And you are right, I was also looking for a way to do something like

@filter(eq(dict.shortName, "value"))

or even

@filter(eq(dict.someOtherNode.evenDeeperNode.someValue, "value")).

It just would seem natural for me to be able to define constraints traversing any direction in the graph. (Although not a graph database, but such things can be nicely done in Hasura).

I also wonder how efficient @cascade is, but probably more efficient than a var with millions of uids.

I also liked how you used uid_in, however not always do we know the uid when doing the query. What would really solve this issue, would be the ability to use uid_in with variables, like so. I think this is the most efficient way to make this query.

query dentry($dict: string){
  DICT as var(func: eq(shortName, $dict))

  dentry(func: allofterms(content, "apple")) @filter(uid_in(dict, DICT)) {
    content
    meaning @filter(uid_in(dict, DICT)) {
      translation @filter(uid_in(dict, DICT)) {
        content
      }
    }
  }
}

I think, that @cascade could in theory optimize it this way. The docs say:

With the @cascade directive, nodes that don’t have all predicates specified in the query are removed.

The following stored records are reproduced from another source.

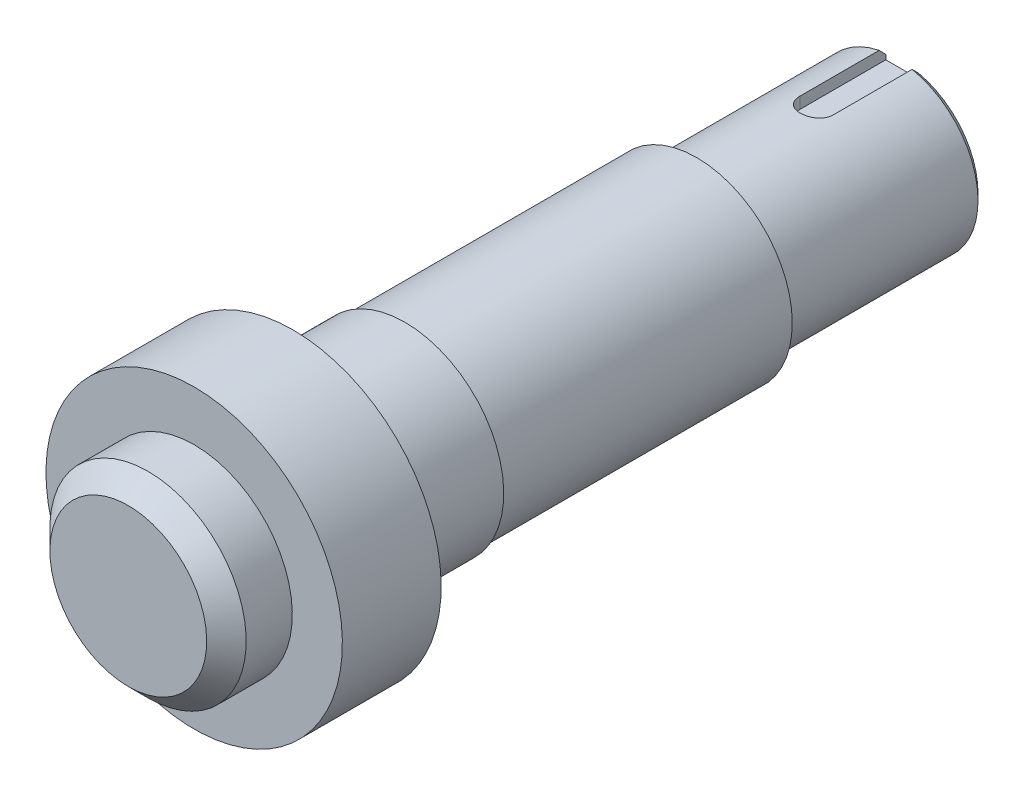
ISO-10303-21;
HEADER;
FILE_DESCRIPTION(('STEP AP214'),'2;1');
FILE_NAME('part.step','',(''),(''),'','','');
FILE_SCHEMA(('AUTOMOTIVE_DESIGN { 1 0 10303 214 1 1 1 1 }'));
ENDSEC;
DATA;
#1=APPLICATION_CONTEXT('core data for automotive mechanical design processes');
#2=APPLICATION_PROTOCOL_DEFINITION('international standard','automotive_design',2000,#1);
#3=PRODUCT_CONTEXT('',#1,'mechanical');
#4=PRODUCT('Part','Part','',(#3));
#5=PRODUCT_RELATED_PRODUCT_CATEGORY('part','',(#4));
#6=PRODUCT_DEFINITION_FORMATION('','',#4);
#7=PRODUCT_DEFINITION_CONTEXT('part definition',#1,'design');
#8=PRODUCT_DEFINITION('design','',#6,#7);
#9=PRODUCT_DEFINITION_SHAPE('','',#8);
#10=(LENGTH_UNIT() NAMED_UNIT(*) SI_UNIT(.MILLI.,.METRE.));
#11=(NAMED_UNIT(*) PLANE_ANGLE_UNIT() SI_UNIT($,.RADIAN.));
#12=(NAMED_UNIT(*) SI_UNIT($,.STERADIAN.) SOLID_ANGLE_UNIT());
#13=UNCERTAINTY_MEASURE_WITH_UNIT(LENGTH_MEASURE(1.E-05),#10,'distance_accuracy_value','');
#14=(GEOMETRIC_REPRESENTATION_CONTEXT(3) GLOBAL_UNCERTAINTY_ASSIGNED_CONTEXT((#13)) GLOBAL_UNIT_ASSIGNED_CONTEXT((#10,
#11,#12)) REPRESENTATION_CONTEXT('',''));
#15=CARTESIAN_POINT('',(0.,0.,0.));
#16=DIRECTION('',(0.,0.,1.));
#17=DIRECTION('',(1.,0.,0.));
#18=AXIS2_PLACEMENT_3D('',#15,#16,#17);
#19=CARTESIAN_POINT('',(-777.275503865214,232.762545949071,963.610325914296));
#20=DIRECTION('',(0.,0.,1.));
#21=DIRECTION('',(0.,1.,0.));
#22=AXIS2_PLACEMENT_3D('',#19,#20,#21);
#23=CYLINDRICAL_SURFACE('',#22,12.5);
#24=CARTESIAN_POINT('',(-777.275503865214,232.762545949071,877.310325914296));
#25=DIRECTION('',(0.,0.,1.));
#26=DIRECTION('',(0.,1.,0.));
#27=AXIS2_PLACEMENT_3D('',#24,#25,#26);
#28=CIRCLE('',#27,12.5);
#29=CARTESIAN_POINT('',(-777.275503865214,245.262545949071,877.310325914296));
#30=VERTEX_POINT('',#29);
#31=EDGE_CURVE('E115',#30,#30,#28,.T.);
#32=ORIENTED_EDGE('',*,*,#31,.F.);
#33=EDGE_LOOP('',(#32));
#34=FACE_BOUND('',#33,.T.);
#35=DIRECTION('',(0.,0.,1.));
#36=VECTOR('',#35,1.);
#37=CARTESIAN_POINT('',(-779.775503865214,245.009994662987,963.610325914296));
#38=LINE('',#37,#36);
#39=CARTESIAN_POINT('',(-779.775503865214,245.009994662987,847.110325914296));
#40=VERTEX_POINT('',#39);
#41=CARTESIAN_POINT('',(-779.775503865214,245.009994662987,859.110325914296));
#42=VERTEX_POINT('',#41);
#43=EDGE_CURVE('E90',#40,#42,#38,.T.);
#44=ORIENTED_EDGE('',*,*,#43,.F.);
#45=CARTESIAN_POINT('',(-777.275503865214,232.762545949071,847.110325914296));
#46=DIRECTION('',(0.,0.,1.));
#47=DIRECTION('',(0.,1.,0.));
#48=AXIS2_PLACEMENT_3D('',#45,#46,#47);
#49=CIRCLE('',#48,12.5);
#50=CARTESIAN_POINT('',(-774.775503865214,245.009994662987,847.110325914296));
#51=VERTEX_POINT('',#50);
#52=EDGE_CURVE('E157',#40,#51,#49,.T.);
#53=ORIENTED_EDGE('',*,*,#52,.T.);
#54=DIRECTION('',(0.,0.,1.));
#55=VECTOR('',#54,1.);
#56=CARTESIAN_POINT('',(-774.775503865214,245.009994662987,963.610325914296));
#57=LINE('',#56,#55);
#58=CARTESIAN_POINT('',(-774.775503865214,245.009994662987,859.110325914295));
#59=VERTEX_POINT('',#58);
#60=EDGE_CURVE('E94',#59,#51,#57,.F.);
#61=ORIENTED_EDGE('',*,*,#60,.F.);
#62=CARTESIAN_POINT('',(-779.775503865214,245.009994662987,859.110325914296));
#63=CARTESIAN_POINT('',(-779.775511417941,245.009988636119,859.179889921444));
#64=CARTESIAN_POINT('',(-779.772600460745,245.010587203752,859.24944975618));
#65=CARTESIAN_POINT('',(-779.761000110563,245.012948901932,859.38805766427));
#66=CARTESIAN_POINT('',(-779.752311432402,245.014711888417,859.457105799863));
#67=CARTESIAN_POINT('',(-779.729231750036,245.019354288111,859.594100160948));
#68=CARTESIAN_POINT('',(-779.714849432765,245.022232000412,859.662047901709));
#69=CARTESIAN_POINT('',(-779.680509878285,245.029014463124,859.796447924882));
#70=CARTESIAN_POINT('',(-779.660552618317,245.032919217728,859.862900201187));
#71=CARTESIAN_POINT('',(-779.592516598148,245.046015199514,860.059330668975));
#72=CARTESIAN_POINT('',(-779.536255182271,245.056592085419,860.186490962593));
#73=CARTESIAN_POINT('',(-779.403633574547,245.080239355672,860.429515399917));
#74=CARTESIAN_POINT('',(-779.327271299583,245.093309998418,860.54537837114));
#75=CARTESIAN_POINT('',(-779.1554566536,245.120677719595,860.764218062592));
#76=CARTESIAN_POINT('',(-779.059776525862,245.134988141767,860.867014624698));
#77=CARTESIAN_POINT('',(-778.852529936537,245.163106618936,861.055214007994));
#78=CARTESIAN_POINT('',(-778.740961018056,245.176914595825,861.140614134188));
#79=CARTESIAN_POINT('',(-778.503904108928,245.202616201751,861.292297625117));
#80=CARTESIAN_POINT('',(-778.378303456668,245.214492128976,861.35840819231));
#81=CARTESIAN_POINT('',(-778.117506840974,245.234839837578,861.468515770665));
#82=CARTESIAN_POINT('',(-777.982312300228,245.243312122447,861.512516052796));
#83=CARTESIAN_POINT('',(-777.708047395187,245.255803892932,861.576593497365));
#84=CARTESIAN_POINT('',(-777.569051453731,245.259880511958,861.596977877801));
#85=CARTESIAN_POINT('',(-777.28955355501,245.263318992875,861.614203373095));
#86=CARTESIAN_POINT('',(-777.149051708682,245.262681199712,861.611046210458));
#87=CARTESIAN_POINT('',(-776.872648358867,245.256806810127,861.581510410689));
#88=CARTESIAN_POINT('',(-776.736709831967,245.251635869853,861.555463288816));
#89=CARTESIAN_POINT('',(-776.471173848683,245.237350311625,861.481412972573));
#90=CARTESIAN_POINT('',(-776.341576599822,245.228235564704,861.433409060183));
#91=CARTESIAN_POINT('',(-776.091453186971,245.206978177081,861.316499905363));
#92=CARTESIAN_POINT('',(-775.970989548183,245.194816758847,861.247464446928));
#93=CARTESIAN_POINT('',(-775.743237770496,245.168807239801,861.090550238656));
#94=CARTESIAN_POINT('',(-775.635950724661,245.154958999247,861.0026699272));
#95=CARTESIAN_POINT('',(-775.435638348871,245.126821883283,860.808755010218));
#96=CARTESIAN_POINT('',(-775.342892127725,245.112529530114,860.702432409113));
#97=CARTESIAN_POINT('',(-775.176476615465,245.085338601982,860.475564018077));
#98=CARTESIAN_POINT('',(-775.10281260916,245.072440413706,860.355014301381));
#99=CARTESIAN_POINT('',(-774.976553978602,245.049489200129,860.10269490193));
#100=CARTESIAN_POINT('',(-774.924016673628,245.039443936529,859.970895855804));
#101=CARTESIAN_POINT('',(-774.841986121889,245.023449975633,859.700179336156));
#102=CARTESIAN_POINT('',(-774.812458546503,245.017495177278,859.561272797675));
#103=CARTESIAN_POINT('',(-774.788421519909,245.01262537887,859.369433872179));
#104=CARTESIAN_POINT('',(-774.783575726075,245.011639945871,859.317690564839));
#105=CARTESIAN_POINT('',(-774.777120953552,245.01032513374,859.214081253952));
#106=CARTESIAN_POINT('',(-774.775506557952,245.009994656691,859.162215601906));
#107=CARTESIAN_POINT('',(-774.775503865214,245.009994662987,859.110325914295));
#108=B_SPLINE_CURVE_WITH_KNOTS('',3,(#62,#63,#64,#65,#66,#67,#68,#69,#70,#71,#72,#73,#74,#75,
#76,#77,#78,#79,#80,#81,#82,#83,#84,#85,#86,#87,#88,#89,#90,#91,#92,#93,#94,#95,#96,#97,#98,#99,
#100,#101,#102,#103,#104,#105,#106,#107),.UNSPECIFIED.,.F.,.F.,(4,2,2,2,2,2,2,2,2,2,2,2,2,2,2,2,
2,2,2,2,2,2,4),(0.,0.208621275894876,0.417216745803808,0.625495175237058,0.83377445493101,
1.25000691135215,1.66628252025777,2.08778731527753,2.50935735880438,2.93459542557453,
3.35977056463051,3.77935021287083,4.19889916132029,4.61247011057773,5.02605458519848,
5.44225366753909,5.85848725240702,6.28192795775074,6.70548580970528,7.1301851948687,
7.55424974394832,7.71010621722891,7.86570120305823),.UNSPECIFIED.);
#109=EDGE_CURVE('E150',#42,#59,#108,.T.);
#110=ORIENTED_EDGE('',*,*,#109,.F.);
#111=EDGE_LOOP('',(#44,#53,#61,#110));
#112=FACE_BOUND('',#111,.T.);
#113=ADVANCED_FACE('F34',(#34,#112),#23,.T.);
#114=CARTESIAN_POINT('',(-789.775503865214,232.762545949071,846.110325914295));
#115=DIRECTION('',(0.,0.,1.));
#116=DIRECTION('',(0.,1.,0.));
#117=AXIS2_PLACEMENT_3D('',#114,#115,#116);
#118=PLANE('',#117);
#119=DIRECTION('',(0.,-1.,0.));
#120=VECTOR('',#119,1.);
#121=CARTESIAN_POINT('',(-774.775503865214,232.762545949071,846.110325914295));
#122=LINE('',#121,#120);
#123=CARTESIAN_POINT('',(-774.775503865214,243.987518109393,846.110325914295));
#124=VERTEX_POINT('',#123);
#125=CARTESIAN_POINT('',(-774.775503865214,243.262545949071,846.110325914295));
#126=VERTEX_POINT('',#125);
#127=EDGE_CURVE('E146',#124,#126,#122,.T.);
#128=ORIENTED_EDGE('',*,*,#127,.F.);
#129=CARTESIAN_POINT('',(-777.275503865214,232.762545949071,846.110325914295));
#130=DIRECTION('',(0.,0.,1.));
#131=DIRECTION('',(0.,1.,0.));
#132=AXIS2_PLACEMENT_3D('',#129,#130,#131);
#133=CIRCLE('',#132,11.5);
#134=CARTESIAN_POINT('',(-779.775503865214,243.987518109393,846.110325914295));
#135=VERTEX_POINT('',#134);
#136=EDGE_CURVE('E47',#124,#135,#133,.F.);
#137=ORIENTED_EDGE('',*,*,#136,.T.);
#138=DIRECTION('',(0.,1.,0.));
#139=VECTOR('',#138,1.);
#140=CARTESIAN_POINT('',(-779.775503865214,232.762545949071,846.110325914295));
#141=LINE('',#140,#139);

Based on this definition, the cascade version of the query traverses all possible combinations, even nested ones, and then removes incomplete results at the end. But it could optimize the query, by removing them at query execution, basically working like uid_in.

1 Like

Yep, but unfortunately this is not possible at the moment, uid_in only accepts a static <uid> value. In my case, this would be OK to lookup the dictionary first by name or whatever and use its uid with uid_in but again, uid_in is just not flexible enough.

For now what I would really like to investigate is the filtering based on nested node value mechanism as you said it earlier and it seems that query variables could be the way to do it for any level of nesting. The questions is, how efficient is this or what performance problems we may find later?

1 Like

Cascade is a relatively low cost operation that happens towards the end of processing of a sub-query. It simply drops some of the nodes that were part of query result that didn’t have a predicate which was there in the query. So using a Cascade shouldn’t affect the performance of your query.
A Filter operation has cost of O(number of results) in that sub-query because we iterate over all results and filter out the ones that match the condition. So every new filter you add can will add a small cost to the query.

Feel free to ask if you have any further questions. Please do mark this as resolved if it answers your questions regarding performance of query.

2 Likes

Thanks for your answer!

Just one followup question if I may: is this true for all @filter operations, they are all done sequentially?

So, in case of my original query:

query dentry($dict: string){
	var(func: eq(shortName, $dict)) {
  	  ~dict @filter(eq(dgraph.type, "Meaning")) {
    	    MEANING_UID as uid
  	}
  }

	var(func: eq(shortName, $dict)) {
  	  ~dict @filter(eq(dgraph.type, "Word")) {
    	    WORD_UID as uid
  	}
  }  
  
  dentry(func: allofterms(content, "apple")) @filter(uid(WORD_UID)){
    content
    meaning @filter(uid(MEANING_UID)) {
      translation @filter(uid(WORD_UID)) {
        content
      }
    }
  }
}

the @filter(uid(MEANING_UID) and @filter(uid(WORD_UID)) are both done sequentially and not using any indexing?

No it’s a tree which executes parallel at a level and these levels are processed sequential.
So the original query is divided into sub-queries called sub-graphs which have children sub-graphs inside them. This forms a forest of trees in which each node in the tree is a “sub-graph”. Now, query processor tries to run the query for all children of a sub-graph in parallel but these levels are executed recursively hence they are sequential. This parallelisation is achieved using go routines.
Also, filters in a sub-graph are also processed in parallel.
So in your example,

var(func: eq(shortName, $dict)) {
  	  ~dict @filter(eq(dgraph.type, "Meaning")) {
    	    MEANING_UID as uid
  	}
  }

and

var(func: eq(shortName, $dict)) {
  	  ~dict @filter(eq(dgraph.type, "Word")) {
    	    WORD_UID as uid
  	}
  } 

would be parallel and

  meaning @filter(uid(MEANING_UID)) {
      translation @filter(uid(WORD_UID)) {
        content
      }
    }

the 2 filters in this part will be sequential because @filter(uid(WORD_UID)) is in the subgraph of a child of meaning predicate.

2 Likes

I see, thank you for the details!

Yes, you can do that now. See this PR: https://github.com/dgraph-io/dgraph/pull/5320 for an example.

1 Like